__Source data__:

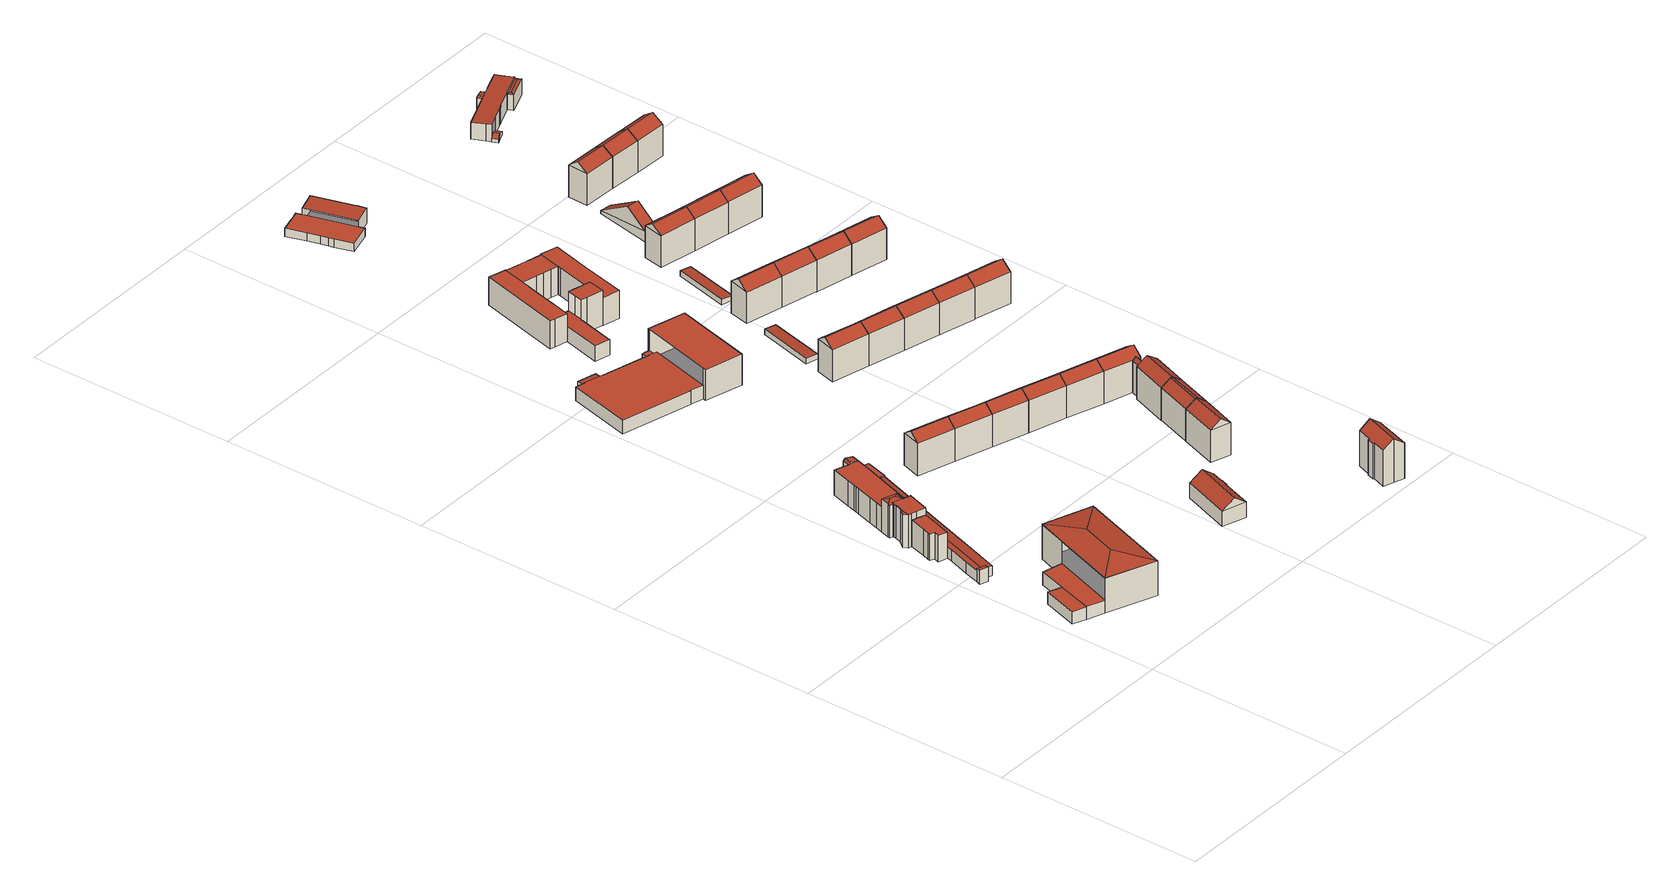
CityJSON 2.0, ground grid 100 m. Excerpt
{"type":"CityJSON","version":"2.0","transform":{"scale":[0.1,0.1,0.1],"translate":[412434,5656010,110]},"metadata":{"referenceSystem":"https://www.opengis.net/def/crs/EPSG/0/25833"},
"CityObjects":{
"building1":{"type":"Building","attributes":{"Dachtyp_tdc":"tdcPolyFlatRoof","Gemeindeschluessel":14612000,"Dachneigung":0,"QualitaetDacherkennung":71,"Geometrietyp2DReferenz":"3000","measuredHeight":12.94,"function":"31001_2000","roofType":"1000"},"geometry":[{"type":"Solid","lod":"2","boundaries":[[[[0,1,2,3]],[[1,4,5,2]],[[4,6,7,5]],[[6,8,9,7]],[[8,10,11,9]],[[10,12,13,11]],[[12,14,15,13]],[[14,16,17,15]],[[16,0,3,17]],[[16,14,12,10,8,6,4,1,0]],[[3,2,5,7,9,11,13,15,17]]]],"semantics":{"surfaces":[{"type":"WallSurface"},{"type":"RoofSurface"},{"type":"GroundSurface"}],"values":[[0,0,0,0,0,0,0,0,0,1,2]]}}]},
"building2":{"type":"Building","attributes":{"Gemeindeschluessel":14612000,"Geometrietyp2DReferenz":"3000","function":"31001_2000","roofType":"9999"},"children":["building2-1","building2-2","building2-3"]},
"building2-1":{"type":"BuildingPart","attributes":{"Dachtyp_tdc":"tdcHipRoof","Dachneigung":11.52,"QualitaetDacherkennung":21,"Geometrietyp2DReferenz":"3000","measuredHeight":19.63,"roofType":"3200"},"parents":["building2"],"geometry":[{"type":"MultiSurface","lod":"2","boundaries":[[[18,19,20,21,22]],[[23,24,25,26,27]],[[24,28,29,25]],[[28,18,22,29]],[[30,18,31]],[[28,32,33]],[[18,28,33,31]],[[32,34,30,31,33]],[[19,30,34,23]],[[23,34,32,24]],[[24,32,28]],[[18,30,19]],[[22,21,26,25,29]]],"semantics":{"surfaces":[{"type":"WallSurface"},{"type":"RoofSurface"},{"type":"GroundSurface"}],"values":[0,0,0,0,1,1,1,1,0,0,0,0,2]}}]},
"building2-2":{"type":"BuildingPart","attributes":{"Dachtyp_tdc":"tdcPolyFlatRoof","Dachneigung":0,"QualitaetDacherkennung":46,"Geometrietyp2DReferenz":"3000","measuredHeight":6.15,"roofType":"1000"},"parents":["building2"],"geometry":[{"type":"MultiSurface","lod":"2","boundaries":[[[20,35,36,37,21]],[[38,39,40,41,42]],[[39,27,26,40]],[[27,39,38,35,20]],[[21,37,41,40,26]]],"semantics":{"surfaces":[{"type":"WallSurface"},{"type":"RoofSurface"},{"type":"GroundSurface"}],"values":[0,0,0,1,2]}}]},
"building2-3":{"type":"BuildingPart","attributes":{"Dachtyp_tdc":"tdcPolyFlatRoof","Dachneigung":0,"QualitaetDacherkennung":62,"Geometrietyp2DReferenz":"3000","measuredHeight":6.11,"roofType":"1000"},"parents":["building2"],"geometry":[{"type":"MultiSurface","lod":"2","boundaries":[[[36,43,44,37]],[[43,45,46,44]],[[45,42,41,46]],[[42,45,43,36]],[[37,44,46,41]]],"semantics":{"surfaces":[{"type":"WallSurface"},{"type":"RoofSurface"},{"type":"GroundSurface"}],"values":[0,0,0,1,2]}}]},
"building3":{"type":"Building","attributes":{"Gemeindeschluessel":14612000,"Geometrietyp2DReferenz":"3000","function":"31001_2000","roofType":"9999"},"children":["building3-1","building3-2"]},
"building3-1":{"type":"BuildingPart","attributes":{"Dachtyp_tdc":"tdcHipAndGableRoof","Dachneigung":11,"QualitaetDacherkennung":22,"Geometrietyp2DReferenz":"3000","measuredHeight":5.91,"roofType":"5000"},"parents":["building3"],"geometry":[{"type":"MultiSurface","lod":"2","boundaries":[[[47,48,49,50]],[[48,51,52,49]],[[51,53,54,52]],[[53,55,56,54]],[[55,57,58,56]],[[57,59,60,58]],[[59,61,62,60]],[[61,63,64,62]],[[63,65,66,64]],[[65,67,68,66]],[[67,69,70,68]],[[69,71,72,70]],[[65,63,73]],[[63,61,59,57,55,53,51,48,47,74,73]],[[74,71,69,67,65,73]],[[72,75,50,49,52,54,56,58,60,62,64,66,68,70]]],"semantics":{"surfaces":[{"type":"WallSurface"},{"type":"RoofSurface"},{"type":"GroundSurface"}],"values":[0,0,0,0,0,0,0,0,0,0,0,0,1,1,1,2]}}]},
"building3-2":{"type":"BuildingPart","attributes":{"Dachtyp_tdc":"tdcPolyFlatRoof","Dachneigung":11.7,"QualitaetDacherkennung":63,"Geometrietyp2DReferenz":"3000","measuredHeight":7,"roofType":"2100"},"parents":["building3"],"geometry":[{"type":"MultiSurface","lod":"2","boundaries":[[[76,77,78,72,71]],[[77,79,80,78]],[[79,81,47,50,80]],[[81,79,77,76]],[[72,78,80,50,75]]],"semantics":{"surfaces":[{"type":"WallSurface"},{"type":"RoofSurface"},{"type":"GroundSurface"}],"values":[0,0,0,1,2]}}]},
"building4":{"type":"Building","attributes":{"Dachtyp_tdc":"tdcGableRoof","Gemeindeschluessel":14612000,"Dachneigung":69.22,"QualitaetDacherkennung":8,"Geometrietyp2DReferenz":"3000","measuredHeight":11.72,"function":"31001_2000","roofType":"3100"},"geometry":[{"type":"Solid","lod":"2","boundaries":[[[[82,83,84,85]],[[83,86,87,84]],[[86,88,89,87]],[[88,82,85,89]],[[86,83,90]],[[82,88,91]],[[83,82,91,90]],[[88,86,90,91]],[[85,84,87,89]]]],"semantics":{"surfaces":[{"type":"WallSurface"},{"type":"RoofSurface"},{"type":"GroundSurface"}],"values":[[0,0,0,0,0,0,1,1,2]]}}]},
"building5":{"type":"Building","attributes":{"Gemeindeschluessel":14612000,"Geometrietyp2DReferenz":"3000","function":"31001_2000","roofType":"9999"},"children":["building5-1","building5-2","building5-3","building5-4","building5-5"]},
"building5-1":{"type":"BuildingPart","attributes":{"Dachtyp_tdc":"tdcFreeFormRoof","Dachneigung":15.79,"QualitaetDacherkennung":26,"Geometrietyp2DReferenz":"3000","measuredHeight":16.81,"roofType":"5000"},"parents":["building5"],"geometry":[{"type":"MultiSurface","lod":"2","boundaries":[[[92,93,94,95]],[[93,96,97,94]],[[96,98,99,97]],[[98,100,101,99]],[[100,102,101]],[[103,104,105,106,107]],[[100,98,108]],[[98,96,93,92,104,109,108]],[[104,103,109]],[[103,100,108,109]],[[95,94,97,99,101,106,105]]],"semantics":{"surfaces":[{"type":"WallSurface"},{"type":"RoofSurface"},{"type":"GroundSurface"}],"values":[0,0,0,0,0,0,1,1,1,1,2]}}]},
"building5-2":{"type":"BuildingPart","attributes":{"Dachtyp_tdc":"tdcPolyFlatRoof","Dachneigung":0,"QualitaetDacherkennung":86,"Geometrietyp2DReferenz":"3000","measuredHeight":16.22,"roofType":"1000"},"parents":["building5"],"geometry":[{"type":"MultiSurface","lod":"2","boundaries":[[[92,95,110,111]],[[112,113,105,104]],[[112,114,115,113]],[[114,116,117,115]],[[116,118,119,117]],[[118,120,121,119]],[[120,122,123,121]],[[122,120,118,116,114,112,104,92,111]],[[110,95,105,113,115,117,119,121,123]]],"semantics":{"surfaces":[{"type":"WallSurface"},{"type":"RoofSurface"},{"type":"GroundSurface"}],"values":[0,0,0,0,0,0,0,1,2]}}]},
"building5-3":{"type":"BuildingPart","attributes":{"Dachtyp_tdc":"tdcGableRoof","Dachneigung":11.66,"QualitaetDacherkennung":22,"Geometrietyp2DReferenz":"3000","measuredHeight":13.03,"roofType":"3100"},"parents":["building5"],"geometry":[{"type":"MultiSurface","lod":"2","boundaries":[[[124,125,126,127]],[[125,128,129,126]],[[130,131,132,133]],[[131,124,127,132]],[[134,135,128,125,124]],[[124,131,130,136,134]],[[127,126,129,137,133,132]]],"semantics":{"surfaces":[{"type":"WallSurface"},{"type":"RoofSurface"},{"type":"GroundSurface"}],"values":[0,0,0,0,1,1,2]}}]},
"building5-4":{"type":"BuildingPart","attributes":{"Dachtyp_tdc":"tdcPolyFlatRoof","Dachneigung":0,"QualitaetDacherkennung":66,"Geometrietyp2DReferenz":"3000","measuredHeight":12.28,"roofType":"1000"},"parents":["building5"],"geometry":[{"type":"MultiSurface","lod":"2","boundaries":[[[102,138,139,101]],[[138,140,141,139]],[[140,142,143,141]],[[142,144,145,143]],[[144,146,147,145]],[[146,148,149,147]],[[148,150,151,149]],[[150,152,130,133,151]],[[153,154,155,129,128]],[[154,156,157,155]],[[156,107,106,157]],[[156,154,153,135,158,136,152,150,148,146,144,142,140,138,102,107]],[[106,101,139,141,143,145,147,149,151,133,137,129,155,157]]],"semantics":{"surfaces":[{"type":"WallSurface"},{"type":"RoofSurface"},{"type":"GroundSurface"}],"values":[0,0,0,0,0,0,0,0,0,0,0,1,2]}}]},
"building5-5":{"type":"BuildingPart","attributes":{"Dachtyp_tdc":"tdcPolyFlatRoof","Dachneigung":0,"QualitaetDacherkennung":64,"Geometrietyp2DReferenz":"3000","measuredHeight":16.2,"roofType":"1000"},"parents":["building5"],"geometry":[{"type":"MultiSurface","lod":"2","boundaries":[[[159,160,161,162]],[[160,163,164,161]],[[163,111,110,164]],[[122,159,162,123]],[[122,165,111,163,160,159]],[[162,161,164,110,166,123]]],"semantics":{"surfaces":[{"type":"WallSurface"},{"type":"RoofSurface"},{"type":"GroundSurface"}],"values":[0,0,0,0,1,2]}}]},
"building6":{"type":"Building","attributes":{"Dachtyp_tdc":"tdcPolyFlatRoof","Gemeindeschluessel":14612000,"Dachneigung":0,"QualitaetDacherkennung":76,"Geometrietyp2DReferenz":"3000","measuredHeight":5.34,"function":"31001_2000","roofType":"1000"},"geometry":[{"type":"Solid","lod":"2","boundaries":[[[[167,63,168,169]],[[63,170,171,168]],[[170,172,173,171]],[[172,167,169,173]],[[172,170,63,167]],[[169,168,171,173]]]],"semantics":{"surfaces":[{"type":"WallSurface"},{"type":"RoofSurface"},{"type":"GroundSurface"}],"values":[[0,0,0,0,1,2]]}}]},
"building7":{"type":"Building","attributes":{"Dachtyp_tdc":"tdcGableRoof","Gemeindeschluessel":14612000,"Dachneigung":35.38,"QualitaetDacherkennung":69,"Geometrietyp2DReferenz":"3000","measuredHeight":19.24,"function":"31001_9998","roofType":"3100"},"geometry":[{"type":"Solid","lod":"2","boundaries":[[[[174,175,176,177]],[[175,178,179,176]],[[178,180,181,179]],[[180,174,177,181]],[[178,175,182]],[[174,180,183]],[[175,174,183,182]],[[180,178,182,183]],[[177,176,179,181]]]],"semantics":{"surfaces":[{"type":"WallSurface"},{"type":"RoofSurface"},{"type":"GroundSurface"}],"values":[[0,0,0,0,0,0,1,1,2]]}}]},
"building8":{"type":"Building","attributes":{"Dachtyp_tdc":"tdcFreeFormRoof","Gemeindeschluessel":14612000,"Dachneigung":36.73,"QualitaetDacherkennung":91,"Geometrietyp2DReferenz":"3000","measuredHeight":11.86,"function":"31001_9998","roofType":"5000"},"geometry":[{"type":"Solid","lod":"2","boundaries":[[[[184,185,186,187]],[[185,188,189,186]],[[188,190,191,189]],[[190,192,193,191]],[[192,194,195,193]],[[194,196,197,195]],[[196,198,199,197]],[[198,184,187,199]],[[190,188,200,201,198,196,194,192]],[[201,200,185,184]],[[184,198,201]],[[188,185,200]],[[187,186,189,191,193,195,197,199]]]],"semantics":{"surfaces":[{"type":"WallSurface"},{"type":"RoofSurface"},{"type":"GroundSurface"}],"values":[[0,0,0,0,0,0,0,0,1,1,0,0,2]]}}]},
"building9":{"type":"Building","attributes":{"Gemeindeschluessel":14612000,"Geometrietyp2DReferenz":"3000","function":"31001_2000","roofType":"9999"},"children":["building9-1","building9-2","building9-3","building9-4"]},
"building9-1":{"type":"BuildingPart","attributes":{"Dachtyp_tdc":"tdcPolyFlatRoof","Dachneigung":2.89,"QualitaetDacherkennung":66,"Geometrietyp2DReferenz":"3000","measuredHeight":4.97,"roofType":"2100"},"parents":["building9"],"geometry":[{"type":"MultiSurface","lod":"2","boundaries":[[[202,203,204,205]],[[203,206,207,204]],[[206,208,209,207]],[[210,208,206,203,202]],[[205,204,207,209,211]]],"semantics":{"surfaces":[{"type":"WallSurface"},{"type":"RoofSurface"},{"type":"GroundSurface"}],"values":[0,0,0,1,2]}}]},
"building9-2":{"type":"BuildingPart","attributes":{"Dachtyp_tdc":"tdcPolyFlatRoof","Dachneigung":0,"QualitaetDacherkennung":58,"Geometrietyp2DReferenz":"3000","measuredHeight":6.77,"roofType":"1000"},"parents":["building9"],"geometry":[{"type":"MultiSurface","lod":"2","boundaries":[[[212,213,202,205,214,215]],[[216,217,218,219]],[[217,220,221,218]],[[220,222,223,221]],[[222,224,225,223]],[[224,226,227,225]],[[214,205,211,219,218,221,223,225,227]],[[226,228,227]],[[224,222,220,217,216,229,213,212,226]]],"semantics":{"surfaces":[{"type":"WallSurface"},{"type":"GroundSurface"},{"type":"RoofSurface"}],"values":[0,0,0,0,0,0,1,0,2]}}]},
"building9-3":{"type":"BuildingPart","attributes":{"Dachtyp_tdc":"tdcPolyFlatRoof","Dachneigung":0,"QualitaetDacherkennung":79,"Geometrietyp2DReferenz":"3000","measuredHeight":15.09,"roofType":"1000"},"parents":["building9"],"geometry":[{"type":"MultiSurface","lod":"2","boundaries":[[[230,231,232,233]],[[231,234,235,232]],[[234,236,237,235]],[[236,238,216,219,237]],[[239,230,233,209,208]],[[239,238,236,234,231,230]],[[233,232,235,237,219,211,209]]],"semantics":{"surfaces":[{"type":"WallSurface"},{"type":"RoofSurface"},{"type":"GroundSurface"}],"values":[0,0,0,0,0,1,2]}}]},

__Prompt__:
Wherever the word "CityJSON" occurs in the data, copy that whole line.

__Task output__:
CityJSON 2.0, ground grid 100 m. Excerpt
{"type":"CityJSON","version":"2.0","transform":{"scale":[0.1,0.1,0.1],"translate":[412434,5656010,110]},"metadata":{"referenceSystem":"https://www.opengis.net/def/crs/EPSG/0/25833"},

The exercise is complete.